Denso – Federal Court finds that CRA had reasonably not accepted a late ETA s. 156 election where the companies had carelessly not found out about the new filing requirement

S. 156(4)(b)(ii) permits the Minister to allow a late-filed ETA s. 156 nil consideration election. Due to confusion as to the required effective date of the new requirement to file such elections with CRA rather than merely keeping signed copies on hand, and in response to a CRA audit inquiry in this regard, two closely related companies filed (somewhat late) an election with a stated effective date of January 1, 2016, not January 1, 2015. On a subsequent audit of the 2015 year, CRA focused on this error, and (in November 2017) the companies filed a request to have an amended election accepted with the correct effective date (of January 1, 2015). This was rejected, and assessments for over $30M were made of the 2015 year.
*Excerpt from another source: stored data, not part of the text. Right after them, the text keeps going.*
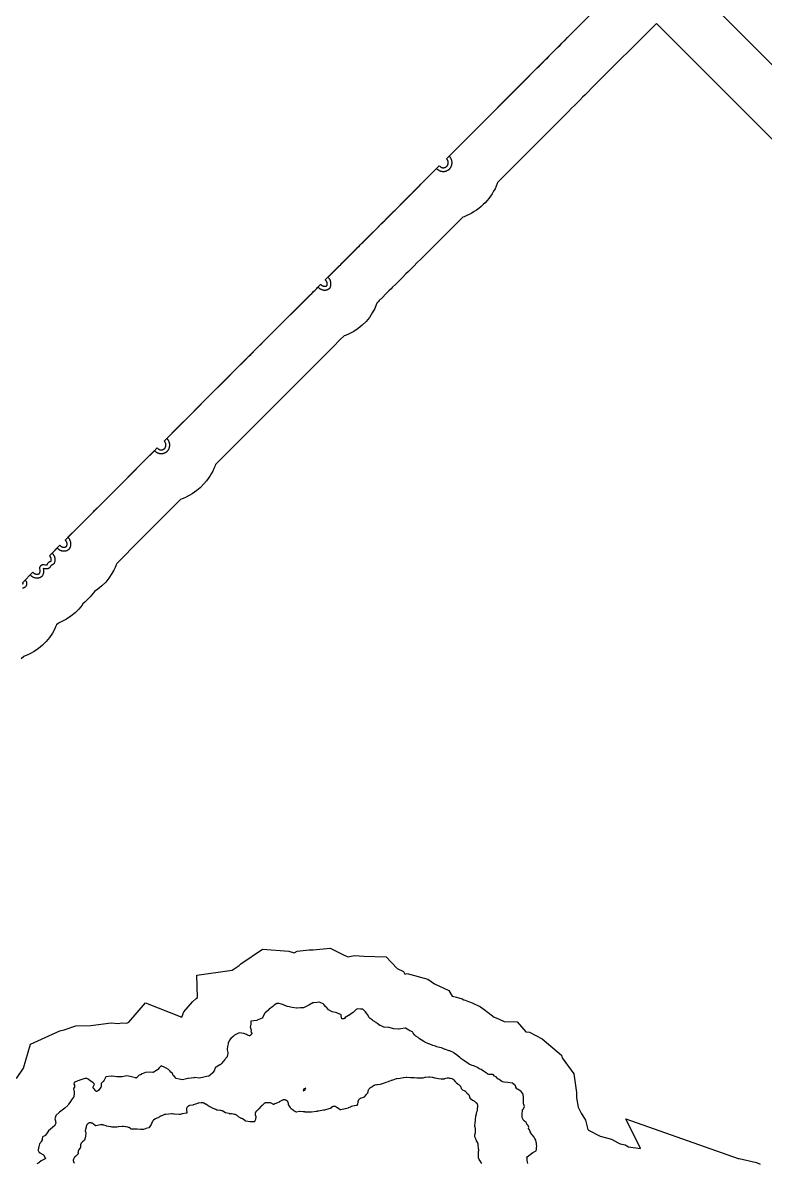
# Model space of a CAD drawing. Header units: millimetres. Extents: x 0 to 600, y 0 to 900.
# Drawn here: x 201.8 to 300, y 598.2 to 749 of the extents above; entities that cross this region are included whole.
import ezdxf

# ---------------------------------------------------------------- set-up
doc = ezdxf.new("R2010")
doc.units = ezdxf.units.MM
doc.layers.add('CORTE', color=1, linetype='Continuous')
doc.layers.add('GRABADO', color=5, linetype='Continuous')

msp = doc.modelspace()

# ---------------------------------------------------------------- linework, layer by layer
at = {"layer": 'CORTE'}
for points in [[(201.73, 674.28), (201.79, 674.28), (201.84, 674.29), (201.89, 674.3), (201.95, 674.31), (202, 674.34), (202.04, 674.36), (202.09, 674.39), (202.13, 674.42), (202.17, 674.46), (202.2, 674.5), (202.23, 674.55), (202.26, 674.6), (202.28, 674.65), (202.29, 674.7), (202.3, 674.75), (202.31, 674.8), (202.31, 674.86), (202.3, 674.91), (202.29, 674.96), (202.28, 675.02), (202.26, 675.07), (202.23, 675.11), (202.2, 675.16), (202.17, 675.2), (202.15, 675.22), (202.07, 675.3), (202.76, 675.98), (202.83, 675.91), (202.87, 675.87), (202.92, 675.83), (202.96, 675.8), (203.01, 675.76), (203.06, 675.74), (203.11, 675.71), (203.16, 675.68), (203.22, 675.66), (203.27, 675.64), (203.33, 675.63), (203.38, 675.61), (203.44, 675.6), (203.49, 675.59), (203.55, 675.59), (203.61, 675.58), (203.67, 675.58), (203.72, 675.59), (203.78, 675.59), (203.84, 675.6), (203.89, 675.61), (203.95, 675.63), (204.01, 675.64), (204.06, 675.66), (204.11, 675.68), (204.16, 675.71), (204.22, 675.74), (204.22, 675.74), (204.26, 675.77), (204.31, 675.8), (204.34, 675.84), (204.38, 675.88), (204.41, 675.93), (204.41, 675.93), (204.44, 675.98), (204.46, 676.03), (204.48, 676.09), (204.5, 676.14), (204.52, 676.2), (204.53, 676.25), (204.54, 676.31), (204.55, 676.36), (204.56, 676.42), (204.56, 676.48), (204.56, 676.54), (204.56, 676.59), (204.55, 676.65), (204.54, 676.71), (204.51, 676.87), (204.68, 676.84), (204.73, 676.83), (204.79, 676.82), (204.85, 676.82), (204.9, 676.82), (204.96, 676.82), (205.02, 676.83), (205.06, 676.84), (205.11, 676.85), (205.16, 676.86), (205.21, 676.88), (205.26, 676.91), (205.3, 676.94), (205.35, 676.97), (205.38, 677.01), (205.42, 677.05), (205.45, 677.1), (205.47, 677.14), (205.49, 677.19), (205.52, 677.28), (205.57, 677.29), (205.61, 677.3), (205.66, 677.32), (205.71, 677.34), (205.76, 677.36), (205.8, 677.39), (205.84, 677.43), (205.88, 677.46), (205.92, 677.51), (205.95, 677.55), (205.97, 677.6), (205.99, 677.65), (206.01, 677.7), (206.02, 677.73), (206.03, 677.79), (206.04, 677.85), (206.04, 677.9), (206.04, 677.96), (206.04, 678.02), (206.04, 678.08), (206.04, 678.13), (206.03, 678.19), (206.02, 678.25), (206, 678.3), (205.99, 678.36), (205.97, 678.41), (205.94, 678.46), (205.92, 678.52), (205.89, 678.57), (205.86, 678.62), (205.83, 678.66), (205.8, 678.71), (205.76, 678.76), (205.72, 678.8), (205.65, 678.87), (206.32, 679.54), (206.39, 679.47), (206.44, 679.43), (206.48, 679.39), (206.53, 679.36), (206.57, 679.33), (206.62, 679.3), (206.67, 679.27), (206.73, 679.25), (206.78, 679.22), (206.83, 679.21), (206.89, 679.19), (206.94, 679.17), (207, 679.16), (207.06, 679.16), (207.12, 679.15), (207.17, 679.15), (207.23, 679.15), (207.29, 679.15), (207.34, 679.16), (207.4, 679.16), (207.46, 679.17), (207.51, 679.19), (207.57, 679.21), (207.62, 679.22), (207.68, 679.25), (207.73, 679.27), (207.78, 679.3), (207.78, 679.3), (207.83, 679.33), (207.87, 679.37), (207.91, 679.4), (207.94, 679.45), (207.97, 679.49), (207.98, 679.5), (208, 679.55), (208.03, 679.6), (208.05, 679.65), (208.07, 679.71), (208.09, 679.76), (208.1, 679.82), (208.11, 679.87), (208.12, 679.93), (208.13, 679.99), (208.13, 680.05), (208.13, 680.1), (208.13, 680.16), (208.12, 680.22), (208.11, 680.27), (208.1, 680.33), (208.09, 680.39), (208.07, 680.44), (208.05, 680.5), (208.03, 680.55), (208, 680.6), (207.98, 680.65), (207.95, 680.7), (207.92, 680.75), (207.88, 680.79), (207.84, 680.84), (207.81, 680.88), (207.73, 680.96), (207.83, 681.05), (208.85, 682.07), (211.1, 684.32), (211.22, 684.44), (212.07, 685.3), (219.2, 692.43), (219.28, 692.35), (219.32, 692.31), (219.36, 692.28), (219.41, 692.24), (219.46, 692.21), (219.51, 692.18), (219.56, 692.15), (219.61, 692.13), (219.66, 692.11), (219.72, 692.09), (219.77, 692.07), (219.83, 692.06), (219.88, 692.05), (219.94, 692.04), (220, 692.03), (220.06, 692.03), (220.11, 692.03), (220.17, 692.03), (220.23, 692.04), (220.28, 692.05), (220.34, 692.06), (220.4, 692.07), (220.45, 692.09), (220.51, 692.11), (220.56, 692.13), (220.61, 692.15), (220.66, 692.18), (220.71, 692.21), (220.76, 692.24), (220.8, 692.28), (220.85, 692.31), (220.87, 692.33), (220.91, 692.37), (220.92, 692.39), (220.96, 692.43), (220.99, 692.48), (221.03, 692.53), (221.06, 692.58), (221.08, 692.63), (221.11, 692.68), (221.13, 692.73), (221.15, 692.79), (221.17, 692.84), (221.18, 692.9), (221.19, 692.95), (221.2, 693.01), (221.21, 693.07), (221.21, 693.12), (221.21, 693.18), (221.21, 693.24), (221.2, 693.3), (221.19, 693.35), (221.18, 693.41), (221.17, 693.47), (221.15, 693.52), (221.13, 693.58), (221.11, 693.63), (221.08, 693.68), (221.06, 693.73), (221.03, 693.78), (220.99, 693.83), (220.96, 693.87), (220.92, 693.92), (220.89, 693.96), (220.81, 694.03), (222.11, 695.33), (222.83, 696.05), (223.37, 696.6), (223.91, 697.13), (224.94, 698.16), (227.02, 700.24), (227.92, 701.14), (228.71, 701.93), (229.86, 703.09), (231.18, 704.4), (231.65, 704.87), (231.93, 705.15), (232.69, 705.92), (233.42, 706.64), (233.44, 706.66), (240.83, 714.05), (240.91, 713.98), (240.95, 713.94), (240.99, 713.91), (241.04, 713.87), (241.09, 713.84), (241.14, 713.81), (241.19, 713.78), (241.24, 713.76), (241.29, 713.74), (241.35, 713.72), (241.4, 713.7), (241.46, 713.69), (241.51, 713.68), (241.57, 713.67), (241.63, 713.66), (241.68, 713.66), (241.74, 713.66), (241.8, 713.66), (241.86, 713.67), (241.91, 713.68), (241.97, 713.69), (242.03, 713.7), (242.08, 713.72), (242.13, 713.74), (242.18, 713.76), (242.23, 713.78), (242.28, 713.81), (242.32, 713.85), (242.35, 713.88), (242.39, 713.93), (242.42, 713.97), (242.44, 714.02), (242.47, 714.07), (242.48, 714.12), (242.5, 714.18), (242.51, 714.23), (242.53, 714.29), (242.53, 714.34), (242.54, 714.4), (242.54, 714.46), (242.54, 714.52), (242.54, 714.57), (242.53, 714.63), (242.53, 714.69), (242.51, 714.74), (242.5, 714.8), (242.48, 714.86), (242.46, 714.91), (242.44, 714.96), (242.42, 715.01), (242.39, 715.07), (242.36, 715.11), (242.33, 715.16), (242.29, 715.21), (242.26, 715.25), (242.22, 715.3), (242.15, 715.37), (244.71, 717.93), (245.02, 718.24), (245.91, 719.13), (246.07, 719.29), (246.31, 719.53), (246.42, 719.64), (246.6, 719.82), (246.74, 719.96), (247.09, 720.31), (247.5, 720.72), (247.85, 721.07), (248.28, 721.5), (248.65, 721.87), (249.19, 722.41), (249.4, 722.62), (249.53, 722.75), (249.9, 723.12), (250.3, 723.52), (250.64, 723.86), (250.88, 724.1), (251.02, 724.24), (251.47, 724.69), (251.89, 725.12), (252.18, 725.4), (252.58, 725.81), (252.86, 726.08), (253.45, 726.67), (253.93, 727.15), (254.24, 727.46), (254.44, 727.66), (256.52, 729.75), (256.6, 729.67), (256.64, 729.63), (256.68, 729.6), (256.73, 729.56), (256.78, 729.53), (256.83, 729.5), (256.88, 729.47), (256.93, 729.45), (256.98, 729.43), (257.04, 729.41), (257.09, 729.39), (257.15, 729.38), (257.2, 729.37), (257.26, 729.36), (257.32, 729.35), (257.38, 729.35), (257.43, 729.35), (257.49, 729.35), (257.55, 729.36), (257.6, 729.37), (257.66, 729.38), (257.72, 729.39), (257.77, 729.41), (257.83, 729.43), (257.88, 729.45), (257.93, 729.47), (257.98, 729.5), (258.03, 729.53), (258.08, 729.56), (258.12, 729.6), (258.17, 729.63), (258.21, 729.67), (258.25, 729.71), (258.28, 729.74), (258.31, 729.79), (258.35, 729.83), (258.38, 729.88), (258.41, 729.93), (258.44, 729.98), (258.46, 730.03), (258.48, 730.09), (258.5, 730.14), (258.52, 730.2), (258.53, 730.25), (258.55, 730.31), (258.55, 730.36), (258.56, 730.42), (258.56, 730.48), (258.56, 730.54), (258.56, 730.59), (258.55, 730.65), (258.55, 730.71), (258.53, 730.76), (258.52, 730.82), (258.5, 730.88), (258.48, 730.93), (258.46, 730.98), (258.44, 731.03), (258.41, 731.09), (258.38, 731.13), (258.35, 731.18), (258.31, 731.23), (258.28, 731.27), (258.24, 731.32), (258.17, 731.39), (270.91, 744.14), (271.23, 744.46), (271.58, 744.8), (271.9, 745.12), (272.18, 745.4), (272.52, 745.74), (272.85, 746.07), (273.13, 746.35), (273.51, 746.73), (273.83, 747.06), (274.1, 747.33), (285.54, 758.76)], [(285.66, 758.76), (365.73, 678.7)], [(343.98, 690.55), (285.6, 748.92), (277.29, 740.62), (276.98, 740.31), (276.6, 739.93), (276.17, 739.49), (275.84, 739.16), (275.46, 738.78), (275.07, 738.39), (274.75, 738.07), (274.38, 737.71), (273.98, 737.3), (273.61, 736.94), (264.62, 727.94), (264.55, 727.75), (264.41, 727.4), (264.25, 727.06), (264.07, 726.73), (263.87, 726.4), (263.67, 726.09), (263.44, 725.79), (263.2, 725.5), (262.95, 725.22), (262.69, 724.96), (262.42, 724.71), (262.12, 724.47), (261.82, 724.25), (261.51, 724.04), (261.19, 723.84), (260.85, 723.67), (260.51, 723.51), (260.17, 723.36), (259.97, 723.29), (254.6, 717.92), (254.37, 717.69), (254.01, 717.34), (253.46, 716.78), (252.78, 716.1), (252.46, 715.79), (251.99, 715.32), (251.67, 714.99), (251.18, 714.5), (250.66, 713.98), (250.49, 713.82), (250.22, 713.54), (249.82, 713.15), (249.37, 712.69), (248.94, 712.26), (248.78, 712.11), (248.6, 711.92), (248.53, 711.73), (248.33, 711.24), (248, 710.63), (247.62, 710.05), (247.18, 709.51), (246.69, 709.02), (246.15, 708.59), (245.58, 708.2), (244.97, 707.87), (244.47, 707.67), (244.28, 707.6), (243.73, 707.06), (242.86, 706.18), (242.86, 706.18), (230.35, 693.68), (229.51, 692.83), (228.63, 691.95), (228.31, 691.64), (228.31, 691.63), (227.76, 691.09), (227.27, 690.59), (227.2, 690.39), (227.05, 690.04), (226.89, 689.7), (226.71, 689.37), (226.52, 689.05), (226.31, 688.74), (226.09, 688.43), (225.74, 688.01), (225.23, 687.5), (224.81, 687.15), (224.5, 686.93), (224.19, 686.72), (223.87, 686.52), (223.53, 686.35), (223.19, 686.19), (222.85, 686.04), (222.65, 685.97), (220.57, 683.89), (219.38, 682.7), (219.38, 682.7), (218.76, 682.08), (218.13, 681.45), (217.3, 680.62), (214.19, 677.51), (214.12, 677.31), (213.97, 676.96), (213.81, 676.62), (213.56, 676.15), (213.17, 675.57), (212.73, 675.03), (212.24, 674.54), (211.71, 674.11), (211.26, 673.81), (211.14, 673.63), (210.7, 673.09), (210.21, 672.6), (209.97, 672.4), (209.72, 672.15), (209.68, 672.12), (209.6, 672), (209.17, 671.47), (208.68, 670.98), (208.13, 670.54), (207.55, 670.15), (207.09, 669.9), (206.75, 669.74), (206.56, 669.66), (206.5, 669.6), (206.23, 669.38), (206.11, 669.11), (205.95, 668.77), (205.7, 668.29), (205.31, 667.7), (204.87, 667.17), (204.38, 666.68), (203.84, 666.24), (203.26, 665.85), (202.78, 665.59), (202.44, 665.43), (202.09, 665.29), (201.89, 665.21), (201.55, 664.87)], [(200.92, 609.37), (201.84, 610.72), (202.79, 613.92), (206.65, 615.66), (207.25, 615.82), (208.78, 616.33), (210.77, 616.37), (213.47, 616.72), (214.38, 616.63), (214.86, 616.73), (215.53, 616.71), (215.78, 616.8), (218.01, 619.4), (222.81, 617.48), (223.08, 618.17), (224.24, 619.49), (224.71, 619.94), (224.86, 620.09), (224.81, 623.04), (229.49, 623.69), (230.38, 624.32), (230.6, 624.53), (233.46, 626.46), (236.97, 626.22), (237.69, 626), (238.07, 626.21), (239.67, 626.38), (240.17, 626.41), (242.45, 626.62), (244.11, 625.76), (244.79, 625.47), (245.67, 625.66), (246.89, 625.55), (249.86, 625.46), (251.32, 623.92), (252.12, 623.51), (252.31, 623.18), (252.62, 623.25), (255.34, 622.49), (256.22, 621.9), (258.12, 621.02), (258.6, 620.27), (258.61, 620.27), (259.16, 620.12), (259.89, 619.89), (260.12, 619.78), (260.3, 619.73), (260.74, 619.57), (261.24, 619.37), (262.33, 618.83), (262.99, 618.36), (263.23, 618.18), (263.36, 618.09), (264.13, 617.5), (264.41, 617.38), (265.35, 616.95), (265.44, 616.89), (267.19, 616.88), (268.34, 615.56), (268.81, 615.48), (270.5, 614.61), (273.05, 612.44), (273.15, 612.1), (274.67, 609.98), (275.01, 607.5), (275.03, 606.83), (275.24, 605.58), (275.31, 605.5), (275.66, 604.8), (276.22, 603.85), (276.51, 602.62), (276.64, 602.52), (278.16, 601.74), (278.18, 601.73), (279.66, 601.33), (280.46, 600.89), (280.82, 600.73), (281.46, 600.6), (281.93, 600.35), (283.5, 600.1), (281.54, 604.05), (296.41, 598.78), (296.57, 598.81), (298.85, 598.24), (299.34, 598.04)], [(262.51, 598.14), (262.27, 598.47), (262.27, 598.47), (262.21, 598.54), (262.2, 598.56), (262.19, 598.58), (262.07, 598.87), (262.07, 598.89), (262.06, 598.92), (262.05, 599.19), (262.05, 599.21), (262.05, 599.32), (262.05, 599.34), (262.06, 599.49), (262.06, 599.51), (262.08, 599.74), (262.09, 599.78), (262.09, 599.92), (262.09, 599.98), (262.08, 600.03), (262.06, 600.16), (262.06, 600.17), (262.01, 600.5), (262.01, 600.52), (262.01, 600.55), (262.01, 600.6), (262.01, 600.66), (262, 600.71), (261.99, 600.77), (261.96, 600.82), (261.91, 600.94), (261.89, 600.98), (261.82, 601.11), (261.79, 601.16), (261.71, 601.36), (261.71, 601.37), (261.6, 601.66), (261.59, 601.68), (261.59, 601.7), (261.58, 601.78), (261.58, 601.79), (261.58, 601.81), (261.59, 601.91), (261.59, 601.93), (261.6, 601.96), (261.65, 602.17), (261.66, 602.21), (261.67, 602.26), (261.67, 602.31), (261.67, 602.52), (261.67, 602.53), (261.67, 602.61), (261.67, 602.68), (261.65, 602.8), (261.64, 602.87), (261.6, 603.03), (261.59, 603.05), (261.59, 603.07), (261.59, 603.15), (261.59, 603.19), (261.61, 603.48), (261.61, 603.51), (261.65, 603.8), (261.66, 603.86), (261.66, 603.91), (261.66, 603.93), (261.67, 603.99), (261.67, 604.01), (261.71, 604.34), (261.72, 604.37), (261.78, 604.69), (261.78, 604.69), (261.8, 604.78), (261.81, 604.81), (261.84, 604.92), (261.85, 604.94), (261.92, 605.15), (261.93, 605.2), (261.94, 605.26), (261.95, 605.32), (261.95, 605.48), (261.95, 605.5), (261.96, 605.53), (261.96, 605.54), (261.97, 605.59), (261.98, 605.64), (261.99, 605.7), (261.99, 605.75), (261.98, 605.8), (261.97, 605.86), (261.95, 605.91), (261.93, 605.96), (261.9, 606), (261.87, 606.05), (261.83, 606.09), (261.79, 606.12), (261.75, 606.16), (261.74, 606.17), (261.72, 606.18), (261.71, 606.19), (261.62, 606.28), (261.58, 606.32), (261.54, 606.35), (261.49, 606.38), (261.44, 606.4), (261.3, 606.45), (261.28, 606.46), (261.26, 606.48), (260.99, 606.7), (260.96, 606.73), (260.95, 606.77), (260.92, 606.91), (260.91, 606.96), (260.89, 607.02), (260.87, 607.07), (260.84, 607.12), (260.81, 607.16), (260.77, 607.2), (260.73, 607.24), (260.68, 607.28), (260.65, 607.3), (260.63, 607.31), (260.61, 607.33), (260.54, 607.44), (260.5, 607.49), (260.46, 607.54), (260.37, 607.62), (260.33, 607.66), (260.29, 607.69), (260.24, 607.71), (260.19, 607.73), (260, 607.81), (259.97, 607.83), (259.95, 607.85), (259.83, 607.99), (259.81, 608.02), (259.81, 608.05), (259.8, 608.11), (259.78, 608.17), (259.76, 608.22), (259.73, 608.27), (259.7, 608.31), (259.66, 608.36), (259.62, 608.4), (259.59, 608.43), (259.53, 608.47), (259.37, 608.57), (259.34, 608.6), (259.14, 608.76), (259.13, 608.78), (259.11, 608.8), (259.01, 608.96), (258.98, 608.99), (258.9, 609.1), (258.87, 609.14), (258.83, 609.17), (258.8, 609.2), (258.76, 609.23), (258.71, 609.25), (258.66, 609.28), (258.6, 609.31), (258.54, 609.33), (258.34, 609.37), (258.29, 609.38), (258.13, 609.41), (258.07, 609.42), (258.02, 609.42), (257.96, 609.41), (257.9, 609.4), (257.55, 609.31), (257.51, 609.3), (257.22, 609.27), (257.2, 609.26), (257.17, 609.27), (256.79, 609.31), (256.75, 609.31), (256.31, 609.4), (256.28, 609.41), (256.16, 609.44), (256.15, 609.45), (256, 609.49), (255.92, 609.51), (255.62, 609.55), (255.55, 609.55), (255.48, 609.55), (255.05, 609.5), (254.97, 609.49), (254.71, 609.43), (254.69, 609.42), (254.66, 609.42), (254.09, 609.42), (254.09, 609.42), (253.95, 609.42), (253.92, 609.42), (253.59, 609.44), (253.23, 609.46), (253.06, 609.47), (253.05, 609.47), (252.56, 609.49), (252.49, 609.49), (252.13, 609.45), (252.08, 609.45), (251.7, 609.39), (251.68, 609.38), (251.32, 609.34), (251.25, 609.33), (251.19, 609.31), (250.74, 609.15), (250.7, 609.14), (250.55, 609.1), (250.51, 609.09), (250.47, 609.08), (250.16, 608.96), (250.15, 608.95), (249.81, 608.83), (249.79, 608.83), (249.6, 608.75), (249.57, 608.74), (249.07, 608.59), (249.05, 608.59), (249.03, 608.58), (248.68, 608.55), (248.6, 608.54), (248.34, 608.47), (248.28, 608.46), (248.23, 608.44), (248.19, 608.41), (248.14, 608.38), (247.94, 608.23), (247.93, 608.22), (247.92, 608.22), (247.78, 608.15), (247.73, 608.12), (247.68, 608.08), (247.64, 608.04), (247.6, 608), (247.57, 607.95), (247.5, 607.86), (247.48, 607.81), (247.45, 607.76), (247.44, 607.71), (247.42, 607.66), (247.38, 607.44), (247.37, 607.4), (247.34, 607.37), (247.28, 607.33), (247.23, 607.28), (247.18, 607.24), (246.89, 606.9), (246.87, 606.88), (246.83, 606.86), (246.53, 606.77), (246.48, 606.75), (246.43, 606.73), (246.38, 606.7), (246.34, 606.67), (246.29, 606.63), (246.25, 606.59), (246.21, 606.55), (246.18, 606.5), (246.15, 606.44), (246.12, 606.39), (246.1, 606.34), (246.09, 606.29), (246.08, 606.23), (246.04, 605.97), (246.04, 605.94), (246.03, 605.92), (246.01, 605.88), (245.99, 605.85), (245.96, 605.81), (245.91, 605.8), (245.86, 605.8), (245.21, 605.65), (245.17, 605.63), (245.12, 605.62), (245.08, 605.6), (244.85, 605.48), (244.83, 605.47), (244.81, 605.46), (244.45, 605.35), (244.42, 605.35), (243.85, 605.22), (243.81, 605.22), (243.77, 605.24), (243.4, 605.48), (243.38, 605.49), (243.37, 605.51), (243.33, 605.55), (243.29, 605.58), (243.24, 605.61), (243.19, 605.63), (243.14, 605.65), (243.09, 605.67), (243.03, 605.68), (242.98, 605.68), (242.92, 605.68), (242.87, 605.67), (242.81, 605.66), (242.76, 605.64), (242.71, 605.62), (242.66, 605.59), (242.62, 605.56), (242.58, 605.52), (242.48, 605.42), (242.45, 605.39), (242.42, 605.38), (241.94, 605.26), (241.94, 605.26), (241.67, 605.2), (241.62, 605.18), (241.58, 605.17), (241.57, 605.17), (241.54, 605.16), (240.87, 605.07), (240.82, 605.06), (240.77, 605.05), (240.73, 605.03), (240.68, 605.01), (240.66, 605), (240.64, 605), (239.97, 604.9), (239.95, 604.9), (239.93, 604.9), (239.81, 604.91), (239.8, 604.91), (239.57, 604.93), (239.53, 604.93), (239.11, 604.93), (239.09, 604.93), (239.07, 604.94), (238.93, 604.96), (238.85, 604.97), (238.48, 604.99), (238.43, 604.99), (238.37, 604.99), (237.98, 604.93), (237.94, 604.93), (237.91, 604.94), (237.71, 605.05), (237.68, 605.06), (237.66, 605.09), (237.62, 605.12), (237.59, 605.15), (237.55, 605.18), (237.27, 605.36), (237.24, 605.38), (237.22, 605.42), (237.2, 605.48), (237.18, 605.52), (237.15, 605.57), (236.96, 605.83), (236.95, 605.85), (236.94, 605.88), (236.94, 605.89), (236.94, 605.89), (236.93, 605.93), (236.93, 605.95), (236.93, 605.98), (236.93, 606), (236.92, 606.05), (236.91, 606.1), (236.9, 606.15), (236.88, 606.2), (236.86, 606.25), (236.83, 606.3), (236.8, 606.34), (236.77, 606.38), (236.73, 606.41), (236.68, 606.44), (236.64, 606.47), (236.59, 606.5), (236.57, 606.5), (236.52, 606.52), (236.47, 606.54), (236.42, 606.54), (236.36, 606.55), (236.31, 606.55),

In rejecting a request for judicial review of CRA’s refusal to accept the late-filed amended election, Zinn J stated:

The Denso Companies say that their actions were not negligent nor careless given they had hired and relied on the advice of tax consultants who provided them erroneous advice. … [T]he consultant was contacted after a well-published deadline had already passed, and only after the Denso Companies were alerted to the need by the review officer in February 2016. It was open to the Minister to conclude, as was done, that the Denso Companies had not taken adequate precautions to keep abreast of their compliance obligations, actions that amount to carelessness and negligence.

Neal Armstrong. Summary of Denso Manufacturing Canada Inc. v. Canada (National Revenue) 2020 FC 360 under ETA s. 156(4)(b)(ii).